— Exercise —
Using the data that follows, give the number of lines in which the word "ownCloud" occurs. Write only the number.

Stored data entries:

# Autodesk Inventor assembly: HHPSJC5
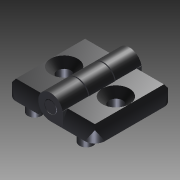
[picture p0: Inventor's stored thumbnail of the model, 180x180]
Saved by Autodesk Inventor 2015 SP1 (Build 190203100, 203)
## iProperties
Category: PARTsolutions
Company: MISUMI
Created: 2015-01-26
Part Number: HHPSJC5
Catalog Web Link: www.cadenas.de
Description: HHPSJC-Compact Resin Hinges
Vendor: MISUMI
Document SubType Name: Assembly
Designer: PARTuser1
Manufacturer: MISUMI
PSOL_IDENT_0: {\\10.0.0.236\data_v8\23d-libs\misumi\metric\39_accessories_for_al_extrusions\hhpsjc_asmtab.prj},164
PSOL_IDENT_1: {VTYP=3D},{STYP=ASSTAB},{NB=HHPSJC5},{LINA=HHPSJC5},{NN=HHPSJC},{DATE=17.11.2014 05:31:05},{GEOMDAT
PSOL_IDENT_2: E=11.03.2010},{VERSION=},{LINEID=10},{LINESUBID=-1},{WBVAR=ALT}  {NB=HHPSJC5},{LINA=HHPSJC5},{KT=DUM
PSOL_IDENT_3: MY},{PN=HHPSJC5},{TYPE=HHPSJC},{MATL=Nylon 6},{MATS=304 Stainless Steel},{NO=5},{ALKG=10},{ALN=98},{
PSOL_IDENT_4: MASS=12.5},{L=32},{W=36},{K=4},{P=24},{J=7.5},{S=21},{ND=5.5},{NC=11},{T=6},{TT=4},{E=10},{R=5.0},{A=
PSOL_IDENT_5: 5.5},{ALT=},{MATBOLT=},{MATNUT=316 Stainless Steel (or Equivalent)},{ND1=2.0},{LBOLT=8},{MSHFBS=5},{
PSOL_IDENT_6: PPATH=hhpsjc_amstpl.prj},{AB=FB5-8},{AN=HNTT5-5}
SUPPLIER: MISUMI
ARTICLENO: HHPSJC5
BOMINFO: HHPSJC5
CREATOR: CADENAS GmbH
Title: HHPSJC5
Author: Cadenas PARTsolutions
Comments: Compact Resin Hinges
## Documents named in this file (4)
- C:\Users\Jack\ownCloud\Projects\CoreXY\InventorModel\Hardware\Hinges\HingeHHPSJC5\HHPSJC5.iam
- C:\Users\Jack\ownCloud\Projects\CoreXY\InventorModel\Hardware\Hinges\HingeHHPSJC5\HHPSJC5_125_l.ipt
- C:\Users\Jack\ownCloud\Projects\CoreXY\InventorModel\Hardware\Hinges\HingeHHPSJC5\HHPSJC5_r.ipt
- C:\Users\Jack\ownCloud\Projects\CoreXY\InventorModel\Hardware\Hinges\HingeHHPSJC5\HHPSJC5_pin.ipt
## Components (3 placed, 3 different names)
1. HHPSJC5_125_l:1 — Mate:2
2. HHPSJC5_r:1 — Mate:1, Mate:2
3. HHPSJC5_pin:1 — Mate:1
## Relationships (2: Mate 2)
- Mate:1: HHPSJC5_r:1 ↔ HHPSJC5_pin:1
- Mate:2 (0.5 mm): HHPSJC5_125_l:1 ↔ HHPSJC5_r:1

— Result of the exercise —
4